CPR is often done incorrectly by caregivers which can lead to the death of patients in many cases according to a new study published today in the Journal of the American Medical Association. When cardiopulmonary resuscitation (CPR) is performed incorrectly, it is nearly impossible to get the victem's heart started again.
Common problems include not starting CPR quickly enough, not compressing the heart with enough force, compressing the heart too rapidly and giving breaths to the victim too frequently according to a study done by Lars Wik of Ulleval University Hospital, Oslo.
A separate study conducted by the University of Chicago Hospitals found that compressions were not applied quickly enough in 28 percent of the cases and 37 percent of the time, the compressions given were not deep enough. In 61 percent of the cases, breaths were given too frequently to patients. Despite this, 40 percent of the patients were revived.
Among the contributing causes to the problem were poor and outdated CPR training for doctors, nurses and paramedics and instructions that are overly complicated and difficult for users to follow.
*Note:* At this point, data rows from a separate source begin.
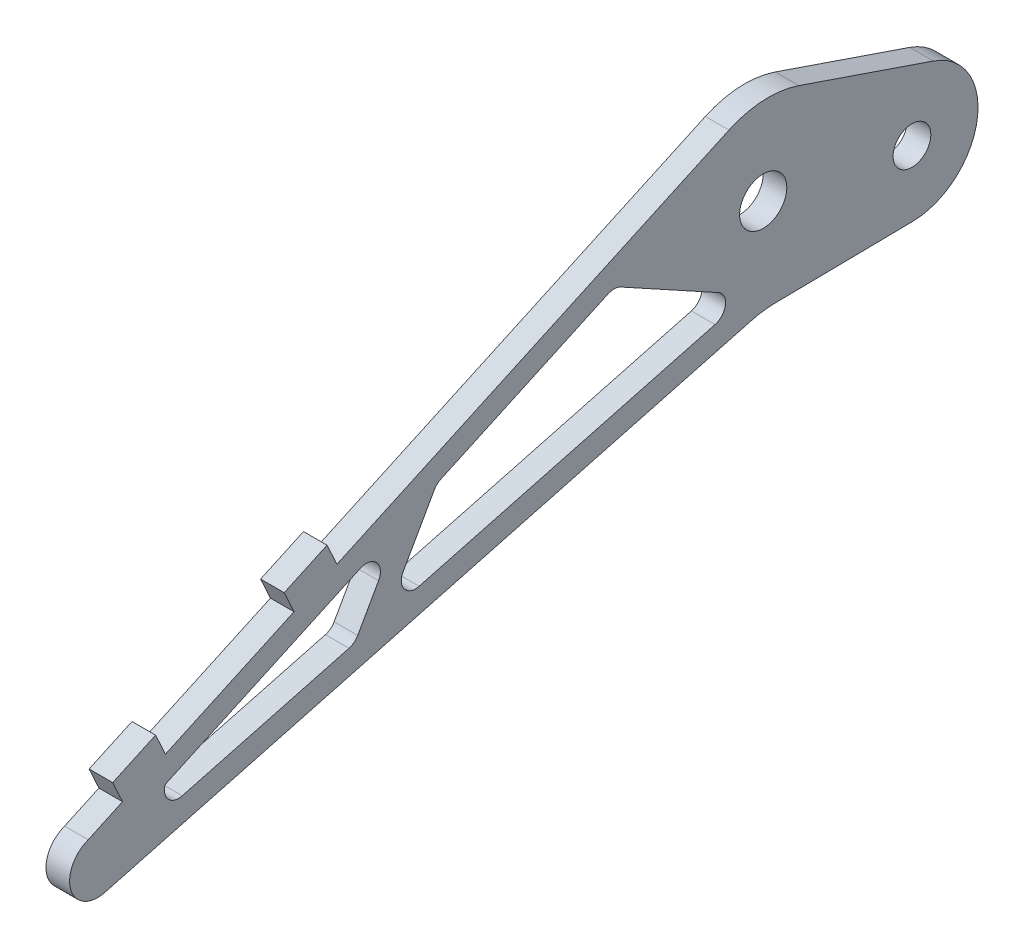
ISO-10303-21;
HEADER;
FILE_DESCRIPTION(('STEP AP214'),'2;1');
FILE_NAME('part.step','',(''),(''),'','','');
FILE_SCHEMA(('AUTOMOTIVE_DESIGN { 1 0 10303 214 1 1 1 1 }'));
ENDSEC;
DATA;
#1=APPLICATION_CONTEXT('core data for automotive mechanical design processes');
#2=APPLICATION_PROTOCOL_DEFINITION('international standard','automotive_design',2000,#1);
#3=PRODUCT_CONTEXT('',#1,'mechanical');
#4=PRODUCT('Part','Part','',(#3));
#5=PRODUCT_RELATED_PRODUCT_CATEGORY('part','',(#4));
#6=PRODUCT_DEFINITION_FORMATION('','',#4);
#7=PRODUCT_DEFINITION_CONTEXT('part definition',#1,'design');
#8=PRODUCT_DEFINITION('design','',#6,#7);
#9=PRODUCT_DEFINITION_SHAPE('','',#8);
#10=(LENGTH_UNIT() NAMED_UNIT(*) SI_UNIT(.MILLI.,.METRE.));
#11=(NAMED_UNIT(*) PLANE_ANGLE_UNIT() SI_UNIT($,.RADIAN.));
#12=(NAMED_UNIT(*) SI_UNIT($,.STERADIAN.) SOLID_ANGLE_UNIT());
#13=UNCERTAINTY_MEASURE_WITH_UNIT(LENGTH_MEASURE(1.E-05),#10,'distance_accuracy_value','');
#14=(GEOMETRIC_REPRESENTATION_CONTEXT(3) GLOBAL_UNCERTAINTY_ASSIGNED_CONTEXT((#13)) GLOBAL_UNIT_ASSIGNED_CONTEXT((#10,
#11,#12)) REPRESENTATION_CONTEXT('',''));
#15=CARTESIAN_POINT('',(0.,0.,0.));
#16=DIRECTION('',(0.,0.,1.));
#17=DIRECTION('',(1.,0.,0.));
#18=AXIS2_PLACEMENT_3D('',#15,#16,#17);
#19=CARTESIAN_POINT('',(-5.,42.7149862762416,75.7582726885151));
#20=DIRECTION('',(0.,-0.491142804434341,-0.871079069690215));
#21=DIRECTION('',(0.,0.871079069690215,-0.491142804434341));
#22=AXIS2_PLACEMENT_3D('',#19,#20,#21);
#23=PLANE('',#22);
#24=DIRECTION('',(0.,0.871079069690215,-0.491142804434341));
#25=VECTOR('',#24,1.);
#26=CARTESIAN_POINT('',(-5.,42.7149862762416,75.7582726885151));
#27=LINE('',#26,#25);
#28=CARTESIAN_POINT('',(-5.,-31.1814140846215,117.423474590042));
#29=VERTEX_POINT('',#28);
#30=CARTESIAN_POINT('',(-5.,-23.336162533829,113.00006576044));
#31=VERTEX_POINT('',#30);
#32=EDGE_CURVE('E325',#29,#31,#27,.T.);
#33=ORIENTED_EDGE('',*,*,#32,.F.);
#34=DIRECTION('',(1.,0.,0.));
#35=VECTOR('',#34,1.);
#36=CARTESIAN_POINT('',(0.,-31.1814140846215,117.423474590042));
#37=LINE('',#36,#35);
#38=CARTESIAN_POINT('',(0.,-31.1814140846215,117.423474590042));
#39=VERTEX_POINT('',#38);
#40=EDGE_CURVE('E434',#29,#39,#37,.T.);
#41=ORIENTED_EDGE('',*,*,#40,.T.);
#42=DIRECTION('',(0.,0.871079069690215,-0.491142804434341));
#43=VECTOR('',#42,1.);
#44=CARTESIAN_POINT('',(0.,42.7149862762416,75.7582726885151));
#45=LINE('',#44,#43);
#46=CARTESIAN_POINT('',(0.,-23.336162533829,113.00006576044));
#47=VERTEX_POINT('',#46);
#48=EDGE_CURVE('E383',#39,#47,#45,.T.);
#49=ORIENTED_EDGE('',*,*,#48,.T.);
#50=DIRECTION('',(1.,0.,0.));
#51=VECTOR('',#50,1.);
#52=CARTESIAN_POINT('',(-5.,-23.336162533829,113.00006576044));
#53=LINE('',#52,#51);
#54=EDGE_CURVE('E432',#47,#31,#53,.F.);
#55=ORIENTED_EDGE('',*,*,#54,.T.);
#56=EDGE_LOOP('',(#33,#41,#49,#55));
#57=FACE_BOUND('',#56,.T.);
#58=ADVANCED_FACE('F41',(#57),#23,.F.);
#59=CARTESIAN_POINT('',(-5.,28.5133908564941,13.0926520590053));
#60=DIRECTION('',(0.,0.908774699277071,0.417287126513471));
#61=DIRECTION('',(0.,-0.417287126513471,0.908774699277071));
#62=AXIS2_PLACEMENT_3D('',#59,#60,#61);
#63=PLANE('',#62);
#64=DIRECTION('',(0.,-0.417287126513471,0.908774699277071));
#65=VECTOR('',#64,1.);
#66=CARTESIAN_POINT('',(0.,28.5133908564941,13.0926520590053));
#67=LINE('',#66,#65);
#68=CARTESIAN_POINT('',(0.,-19.1364100226948,116.865164349051));
#69=VERTEX_POINT('',#68);
#70=CARTESIAN_POINT('',(0.,-37.8751570505175,157.674712770356));
#71=VERTEX_POINT('',#70);
#72=EDGE_CURVE('E274',#69,#71,#67,.T.);
#73=ORIENTED_EDGE('',*,*,#72,.T.);
#74=DIRECTION('',(1.,0.,0.));
#75=VECTOR('',#74,1.);
#76=CARTESIAN_POINT('',(-5.,-37.8751570505175,157.674712770356));
#77=LINE('',#76,#75);
#78=CARTESIAN_POINT('',(-5.,-37.8751570505175,157.674712770356));
#79=VERTEX_POINT('',#78);
#80=EDGE_CURVE('E429',#71,#79,#77,.F.);
#81=ORIENTED_EDGE('',*,*,#80,.T.);
#82=DIRECTION('',(0.,-0.417287126513471,0.908774699277071));
#83=VECTOR('',#82,1.);
#84=CARTESIAN_POINT('',(-5.,28.5133908564941,13.0926520590053));
#85=LINE('',#84,#83);
#86=CARTESIAN_POINT('',(-5.,-19.1364100226948,116.865164349051));
#87=VERTEX_POINT('',#86);
#88=EDGE_CURVE('E269',#87,#79,#85,.T.);
#89=ORIENTED_EDGE('',*,*,#88,.F.);
#90=DIRECTION('',(1.,0.,0.));
#91=VECTOR('',#90,1.);
#92=CARTESIAN_POINT('',(0.,-19.1364100226947,116.865164349051));
#93=LINE('',#92,#91);
#94=EDGE_CURVE('E426',#87,#69,#93,.T.);
#95=ORIENTED_EDGE('',*,*,#94,.T.);
#96=EDGE_LOOP('',(#73,#81,#89,#95));
#97=FACE_BOUND('',#96,.T.);
#98=ADVANCED_FACE('F495',(#97),#63,.F.);
#99=CARTESIAN_POINT('',(-5.,-22.2783526460679,12.2362606081096));
#100=DIRECTION('',(0.,0.876495415777774,-0.481410205667212));
#101=DIRECTION('',(0.,0.481410205667212,0.876495415777774));
#102=AXIS2_PLACEMENT_3D('',#99,#100,#101);
#103=PLANE('',#102);
#104=DIRECTION('',(0.,0.481410205667212,0.876495415777774));
#105=VECTOR('',#104,1.);
#106=CARTESIAN_POINT('',(-5.,-22.2783526460679,12.2362606081096));
#107=LINE('',#106,#105);
#108=CARTESIAN_POINT('',(-5.,-6.45483735528322,41.0458671569366));
#109=VERTEX_POINT('',#108);
#110=CARTESIAN_POINT('',(-5.,4.87295604040297,61.6701889210253));
#111=VERTEX_POINT('',#110);
#112=EDGE_CURVE('E313',#109,#111,#107,.T.);
#113=ORIENTED_EDGE('',*,*,#112,.F.);
#114=DIRECTION('',(1.,0.,0.));
#115=VECTOR('',#114,1.);
#116=CARTESIAN_POINT('',(0.,-6.45483735528322,41.0458671569366));
#117=LINE('',#116,#115);
#118=CARTESIAN_POINT('',(0.,-6.45483735528322,41.0458671569366));
#119=VERTEX_POINT('',#118);
#120=EDGE_CURVE('E458',#109,#119,#117,.T.);
#121=ORIENTED_EDGE('',*,*,#120,.T.);
#122=DIRECTION('',(0.,0.481410205667212,0.876495415777774));
#123=VECTOR('',#122,1.);
#124=CARTESIAN_POINT('',(0.,-22.2783526460679,12.2362606081096));
#125=LINE('',#124,#123);
#126=CARTESIAN_POINT('',(0.,4.87295604040297,61.6701889210253));
#127=VERTEX_POINT('',#126);
#128=EDGE_CURVE('E371',#119,#127,#125,.T.);
#129=ORIENTED_EDGE('',*,*,#128,.T.);
#130=DIRECTION('',(1.,0.,0.));
#131=VECTOR('',#130,1.);
#132=CARTESIAN_POINT('',(-5.,4.87295604040297,61.6701889210253));
#133=LINE('',#132,#131);
#134=EDGE_CURVE('E456',#127,#111,#133,.F.);
#135=ORIENTED_EDGE('',*,*,#134,.T.);
#136=EDGE_LOOP('',(#113,#121,#129,#135));
#137=FACE_BOUND('',#136,.T.);
#138=ADVANCED_FACE('F533',(#137),#103,.F.);
#139=CARTESIAN_POINT('',(-5.,28.5133908564941,13.0926520590053));
#140=DIRECTION('',(0.,0.908774699277071,0.417287126513471));
#141=DIRECTION('',(0.,-0.417287126513471,0.908774699277071));
#142=AXIS2_PLACEMENT_3D('',#139,#140,#141);
#143=PLANE('',#142);
#144=DIRECTION('',(0.,-0.417287126513471,0.908774699277071));
#145=VECTOR('',#144,1.);
#146=CARTESIAN_POINT('',(0.,28.5133908564941,13.0926520590053));
#147=LINE('',#146,#145);
#148=CARTESIAN_POINT('',(0.,4.96979389090087,64.3662809175674));
#149=VERTEX_POINT('',#148);
#150=CARTESIAN_POINT('',(0.,-11.3122815133787,99.8256498723704));
#151=VERTEX_POINT('',#150);
#152=EDGE_CURVE('E380',#149,#151,#147,.T.);
#153=ORIENTED_EDGE('',*,*,#152,.T.);
#154=DIRECTION('',(1.,0.,0.));
#155=VECTOR('',#154,1.);
#156=CARTESIAN_POINT('',(-5.,-11.3122815133787,99.8256498723704));
#157=LINE('',#156,#155);
#158=CARTESIAN_POINT('',(-5.,-11.3122815133787,99.8256498723704));
#159=VERTEX_POINT('',#158);
#160=EDGE_CURVE('E454',#151,#159,#157,.F.);
#161=ORIENTED_EDGE('',*,*,#160,.T.);
#162=DIRECTION('',(0.,-0.417287126513471,0.908774699277071));
#163=VECTOR('',#162,1.);
#164=CARTESIAN_POINT('',(-5.,28.5133908564941,13.0926520590053));
#165=LINE('',#164,#163);
#166=CARTESIAN_POINT('',(-5.,4.96979389090087,64.3662809175674));
#167=VERTEX_POINT('',#166);
#168=EDGE_CURVE('E322',#167,#159,#165,.T.);
#169=ORIENTED_EDGE('',*,*,#168,.F.);
#170=DIRECTION('',(1.,0.,0.));
#171=VECTOR('',#170,1.);
#172=CARTESIAN_POINT('',(0.,4.96979389090087,64.3662809175674));
#173=LINE('',#172,#171);
#174=EDGE_CURVE('E451',#167,#149,#173,.T.);
#175=ORIENTED_EDGE('',*,*,#174,.T.);
#176=EDGE_LOOP('',(#153,#161,#169,#175));
#177=FACE_BOUND('',#176,.T.);
#178=ADVANCED_FACE('F537',(#177),#143,.F.);
#179=CARTESIAN_POINT('',(-5.,40.2592722540699,71.402877340064));
#180=DIRECTION('',(0.,0.491142804434341,0.871079069690215));
#181=DIRECTION('',(0.,-0.871079069690215,0.491142804434341));
#182=AXIS2_PLACEMENT_3D('',#179,#180,#181);
#183=PLANE('',#182);
#184=DIRECTION('',(0.,-0.871079069690215,0.491142804434341));
#185=VECTOR('',#184,1.);
#186=CARTESIAN_POINT('',(0.,40.2592722540699,71.402877340064));
#187=LINE('',#186,#185);
#188=CARTESIAN_POINT('',(0.,-12.5651771979069,101.187025701901));
#189=VERTEX_POINT('',#188);
#190=CARTESIAN_POINT('',(0.,-24.283668901225,107.794293720584));
#191=VERTEX_POINT('',#190);
#192=EDGE_CURVE('E377',#189,#191,#187,.T.);
#193=ORIENTED_EDGE('',*,*,#192,.T.);
#194=DIRECTION('',(1.,0.,0.));
#195=VECTOR('',#194,1.);
#196=CARTESIAN_POINT('',(-5.,-24.283668901225,107.794293720584));
#197=LINE('',#196,#195);
#198=CARTESIAN_POINT('',(-5.,-24.283668901225,107.794293720584));
#199=VERTEX_POINT('',#198);
#200=EDGE_CURVE('E449',#191,#199,#197,.F.);
#201=ORIENTED_EDGE('',*,*,#200,.T.);
#202=DIRECTION('',(0.,-0.871079069690215,0.491142804434341));
#203=VECTOR('',#202,1.);
#204=CARTESIAN_POINT('',(-5.,40.2592722540699,71.402877340064));
#205=LINE('',#204,#203);
#206=CARTESIAN_POINT('',(-5.,-12.5651771979069,101.187025701901));
#207=VERTEX_POINT('',#206);
#208=EDGE_CURVE('E319',#207,#199,#205,.T.);
#209=ORIENTED_EDGE('',*,*,#208,.F.);
#210=DIRECTION('',(1.,0.,0.));
#211=VECTOR('',#210,1.);
#212=CARTESIAN_POINT('',(0.,-12.5651771979069,101.187025701901));
#213=LINE('',#212,#211);
#214=EDGE_CURVE('E446',#207,#189,#213,.T.);
#215=ORIENTED_EDGE('',*,*,#214,.T.);
#216=EDGE_LOOP('',(#193,#201,#209,#215));
#217=FACE_BOUND('',#216,.T.);
#218=ADVANCED_FACE('F540',(#217),#183,.F.);
#219=CARTESIAN_POINT('',(-5.,-45.7462798135083,172.467741214277));
#220=DIRECTION('',(1.,0.,0.));
#221=DIRECTION('',(0.,0.,-1.));
#222=AXIS2_PLACEMENT_3D('',#219,#220,#221);
#223=CYLINDRICAL_SURFACE('',#222,6.);
#224=CARTESIAN_POINT('',(0.,-45.7462798135083,172.467741214277));
#225=DIRECTION('',(1.,0.,0.));
#226=DIRECTION('',(0.,0.,-1.));
#227=AXIS2_PLACEMENT_3D('',#224,#225,#226);
#228=CIRCLE('',#227,6.);
#229=CARTESIAN_POINT('',(0.,-51.3844355382237,170.415620354323));
#230=VERTEX_POINT('',#229);
#231=CARTESIAN_POINT('',(0.,-40.1081240887928,174.519862074231));
#232=VERTEX_POINT('',#231);
#233=EDGE_CURVE('E332',#230,#232,#228,.F.);
#234=ORIENTED_EDGE('',*,*,#233,.T.);
#235=DIRECTION('',(1.,0.,0.));
#236=VECTOR('',#235,1.);
#237=CARTESIAN_POINT('',(-5.,-40.1081240887928,174.519862074231));
#238=LINE('',#237,#236);
#239=CARTESIAN_POINT('',(-5.,-40.1081240887928,174.519862074231));
#240=VERTEX_POINT('',#239);
#241=EDGE_CURVE('E273',#240,#232,#238,.T.);
#242=ORIENTED_EDGE('',*,*,#241,.F.);
#243=CARTESIAN_POINT('',(-5.,-45.7462798135083,172.467741214277));
#244=DIRECTION('',(1.,0.,0.));
#245=DIRECTION('',(0.,0.,-1.));
#246=AXIS2_PLACEMENT_3D('',#243,#244,#245);
#247=CIRCLE('',#246,6.);
#248=CARTESIAN_POINT('',(-5.,-51.3844355382237,170.415620354323));
#249=VERTEX_POINT('',#248);
#250=EDGE_CURVE('E250',#249,#240,#247,.F.);
#251=ORIENTED_EDGE('',*,*,#250,.F.);
#252=DIRECTION('',(1.,0.,0.));
#253=VECTOR('',#252,1.);
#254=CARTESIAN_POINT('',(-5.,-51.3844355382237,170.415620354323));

'You can't fix what you can't measure,' said Dr. Lance Becker, a professor of emergency medicine and director of resuscitation at the University of Chicago. 'Performing CPR was like driving a car without a speedometer, based more on feel than on feedback.'
Another problem experts said was that education is not proper and thorough. 'Current resuscitation guidelines are not being followed,' according to Arthur Sanders and Gordon Ewy, doctors at the University of Arizona College of Medicine, in Tucson.
'In the past such inadequacies have been dismissed as an education (or) training problem. But perhaps it is not a question of how well rescuers are being taught and learn the material. In reality, the training courses for health care professionals get more complex with each revision of the guidelines. Some of the skills taught, such as two breaths in five seconds, are impossible to deliver,' said their editorial commenting on the two studies.
In order to fix the problem, a new device that measures the quality of CPR compressions and breaths has been introduced. The device is in the early stages of testing.